_Exercise directions_
Don't include pictures. Quote the lines below from the first through the line that contains "layer by layer".

_Records from a collection_
================================
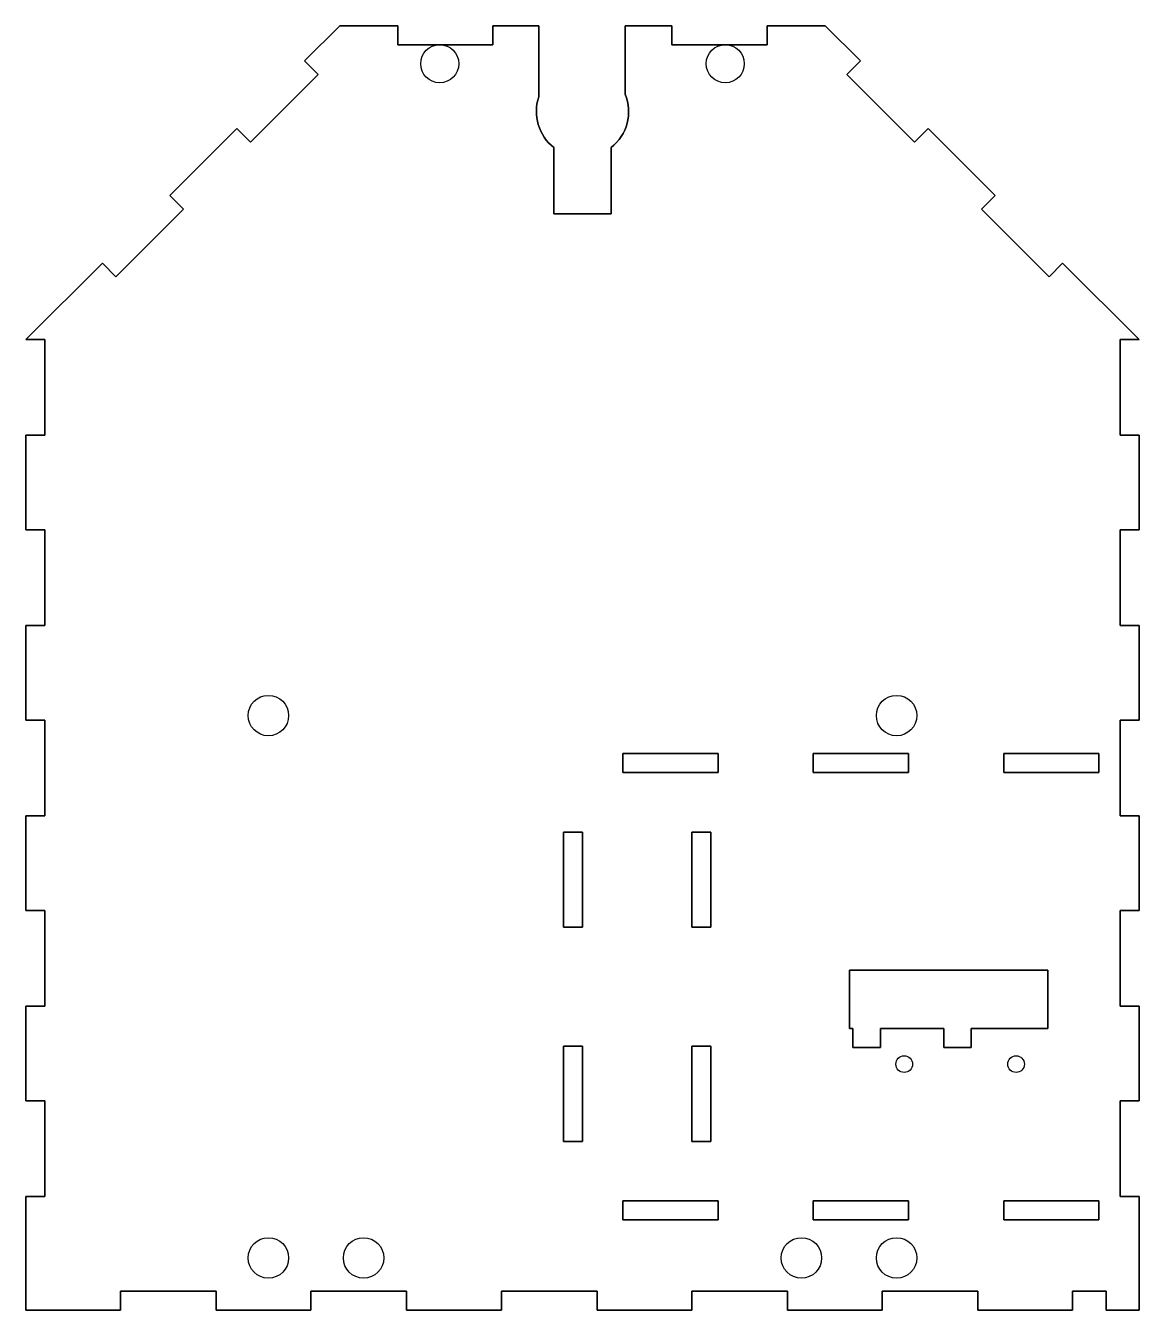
# Model space of a CAD drawing. Header units: millimetres. Extents: x -40 to 194, y -100 to 170.
import ezdxf

# ---------------------------------------------------------------- set-up
doc = ezdxf.new("R2010")
doc.units = ezdxf.units.MM
doc.layers.get('0').update_dxf_attribs({"linetype": 'CONTINUOUS'})

msp = doc.modelspace()

# ---------------------------------------------------------------- linework, layer by layer
for points in [[(115.77, 169.56), (115.77, 165.56), (107, 165.56), (95.77, 165.56), (95.77, 169.56), (86, 169.56), (86, 155.17, -0.333089), (83, 143.93), (83, 129.98), (71, 129.98), (71, 143.93, -0.316574), (67.8, 154.63), (67.8, 169.56), (58.17, 169.56), (58.17, 165.56), (47, 165.56), (38.17, 165.56), (38.17, 169.56), (26, 169.56), (18.6, 162.16), (21.47, 159.3), (7.25, 145.08), (4.39, 147.95), (-9.68, 133.87), (-6.82, 131.01), (-21.03, 116.8), (-23.89, 119.66), (-39.95, 103.61), (-35.95, 103.61), (-35.95, 83.51), (-40, 83.51), (-40, 63.61), (-35.95, 63.61), (-35.95, 43.51), (-40, 43.51), (-40, 23.61), (-35.95, 23.61), (-35.95, 3.51), (-40, 3.51), (-40, -16.39), (-35.95, -16.39), (-35.95, -36.49), (-40, -36.49), (-40, -56.39), (-35.95, -56.39), (-35.95, -76.49), (-40, -76.49), (-40, -100.44), (-20.05, -100.44), (-20.05, -96.39), (0.05, -96.39), (0.05, -100.44), (19.95, -100.44), (19.95, -96.39), (40.05, -96.39), (40.05, -100.44), (59.95, -100.44), (59.95, -96.39), (80.05, -96.39), (80.05, -100.44), (99.95, -100.44), (99.95, -96.39), (120.05, -96.39), (120.05, -100.44), (139.95, -100.44), (139.95, -96.39), (160.05, -96.39), (160.05, -100.44), (179.95, -100.44), (179.95, -96.39), (187.05, -96.39), (187.05, -100.44), (194, -100.44), (194, -76.49), (189.95, -76.49), (189.95, -56.39), (194, -56.39), (194, -36.49), (189.95, -36.49), (189.95, -16.39), (194, -16.39), (194, 3.51), (189.95, 3.51), (189.95, 23.61), (194, 23.61), (194, 43.51), (189.95, 43.51), (189.95, 63.61), (194, 63.61), (194, 83.51), (189.95, 83.51), (189.95, 103.61), (193.95, 103.61), (177.89, 119.66), (175.03, 116.8), (160.82, 131.01), (163.68, 133.87), (149.61, 147.95), (146.75, 145.08), (132.53, 159.3), (135.4, 162.16), (128, 169.56)], [(107, 165.56), (115.77, 165.56), (115.77, 169.56), (128, 169.56), (135.4, 162.16), (132.53, 159.3), (146.75, 145.08), (149.61, 147.95), (163.68, 133.87), (160.82, 131.01), (175.03, 116.8), (177.89, 119.66), (193.95, 103.61), (189.95, 103.61), (189.95, 83.51), (194, 83.51), (194, 63.61), (189.95, 63.61), (189.95, 43.51), (194, 43.51), (194, 23.61), (189.95, 23.61), (189.95, 3.51), (194, 3.51), (194, -16.39), (189.95, -16.39), (189.95, -36.49), (194, -36.49), (194, -56.39), (189.95, -56.39), (189.95, -76.49), (194, -76.49), (194, -100.44), (187.05, -100.44), (187.05, -96.39), (179.95, -96.39), (179.95, -100.44), (160.05, -100.44), (160.05, -96.39), (139.95, -96.39), (139.95, -100.44), (120.05, -100.44), (120.05, -96.39), (99.95, -96.39), (99.95, -100.44), (80.05, -100.44), (80.05, -96.39), (59.95, -96.39), (59.95, -100.44), (40.05, -100.44), (40.05, -96.39), (19.95, -96.39), (19.95, -100.44), (0.05, -100.44), (0.05, -96.39), (-20.05, -96.39), (-20.05, -100.44), (-40, -100.44), (-40, -76.49), (-35.95, -76.49), (-35.95, -56.39), (-40, -56.39), (-40, -36.49), (-35.95, -36.49), (-35.95, -16.39), (-40, -16.39), (-40, 3.51), (-35.95, 3.51), (-35.95, 23.61), (-40, 23.61), (-40, 43.51), (-35.95, 43.51), (-35.95, 63.61), (-40, 63.61), (-40, 83.51), (-35.95, 83.51), (-35.95, 103.61), (-39.95, 103.61), (-23.89, 119.66), (-21.03, 116.8), (-6.82, 131.01), (-9.68, 133.87), (4.39, 147.95), (7.25, 145.08), (21.47, 159.3), (18.6, 162.16), (26, 169.56), (38.17, 169.56), (38.17, 165.56), (47, 165.56), (58.17, 165.56), (58.17, 169.56), (67.8, 169.56), (67.8, 154.63, 0.316574), (71, 143.93), (71, 129.98), (83, 129.98), (83, 143.93, 0.333089), (86, 155.17), (86, 169.56), (95.77, 169.56), (95.77, 165.56)]]:
    msp.add_lwpolyline(points, format="xyb", close=True)
for points in [[(85.5, 12.56), (85.5, 16.56), (105.5, 16.56), (105.5, 12.56)], [(85.5, 16.56), (85.5, 12.56), (105.5, 12.56), (105.5, 16.56)], [(125.5, 16.56), (145.5, 16.56), (145.5, 12.56), (125.5, 12.56)], [(145.5, 16.56), (125.5, 16.56), (125.5, 12.56), (145.5, 12.56)], [(185.5, 16.56), (185.5, 12.56), (165.5, 12.56), (165.5, 16.56)], [(185.5, 12.56), (185.5, 16.56), (165.5, 16.56), (165.5, 12.56)], [(77, 0.06), (77, -19.94), (73, -19.94), (73, 0.06)], [(77, -19.94), (77, 0.06), (73, 0.06), (73, -19.94)], [(104, 0.06), (104, -19.94), (100, -19.94), (100, 0.06)], [(104, -19.94), (104, 0.06), (100, 0.06), (100, -19.94)], [(158.7, -41.2), (158.7, -45.2), (152.9, -45.2), (152.9, -41.2), (139.6, -41.2), (139.6, -45.2), (133.8, -45.2), (133.8, -41.2), (133.1, -41.2), (133.1, -28.95), (174.8, -28.95), (174.8, -41.2)], [(152.9, -45.2), (158.7, -45.2), (158.7, -41.2), (174.8, -41.2), (174.8, -28.95), (133.1, -28.95), (133.1, -41.2), (133.8, -41.2), (133.8, -45.2), (139.6, -45.2), (139.6, -41.2), (152.9, -41.2)], [(77, -44.94), (77, -64.94), (73, -64.94), (73, -44.94)], [(77, -64.94), (77, -44.94), (73, -44.94), (73, -64.94)], [(104, -64.94), (100, -64.94), (100, -44.94), (104, -44.94)], [(100, -64.94), (104, -64.94), (104, -44.94), (100, -44.94)], [(85.5, -77.44), (105.5, -77.44), (105.5, -81.44), (85.5, -81.44)], [(105.5, -77.44), (85.5, -77.44), (85.5, -81.44), (105.5, -81.44)], [(145.5, -77.44), (145.5, -81.44), (125.5, -81.44), (125.5, -77.44)], [(145.5, -81.44), (145.5, -77.44), (125.5, -77.44), (125.5, -81.44)], [(165.5, -77.44), (185.5, -77.44), (185.5, -81.44), (165.5, -81.44)], [(185.5, -77.44), (165.5, -77.44), (165.5, -81.44), (185.5, -81.44)]]:
    msp.add_lwpolyline(points, close=True)
for centre, radius in [((47, 161.56), 4), ((47, 161.56), 4), ((107, 161.56), 4), ((107, 161.56), 4), ((11, 24.56), 4.25), ((11, 24.56), 4.25), ((143, 24.56), 4.25), ((143, 24.56), 4.25), ((144.6, -48.7), 1.75), ((144.6, -48.7), 1.75), ((168.1, -48.7), 1.75), ((168.1, -48.7), 1.75), ((11, -89.44), 4.25), ((11, -89.44), 4.25), ((31, -89.44), 4.25), ((31, -89.44), 4.25), ((123, -89.44), 4.25), ((123, -89.44), 4.25), ((143, -89.44), 4.25), ((143, -89.44), 4.25)]:
    msp.add_circle(centre, radius)

doc.saveas('drawing.dxf')
================================
_Solved problem_
# Model space of a CAD drawing. Header units: millimetres. Extents: x -40 to 194, y -100 to 170.
import ezdxf

# ---------------------------------------------------------------- set-up
doc = ezdxf.new("R2010")
doc.units = ezdxf.units.MM
doc.layers.get('0').update_dxf_attribs({"linetype": 'CONTINUOUS'})

msp = doc.modelspace()

# ---------------------------------------------------------------- linework, layer by layer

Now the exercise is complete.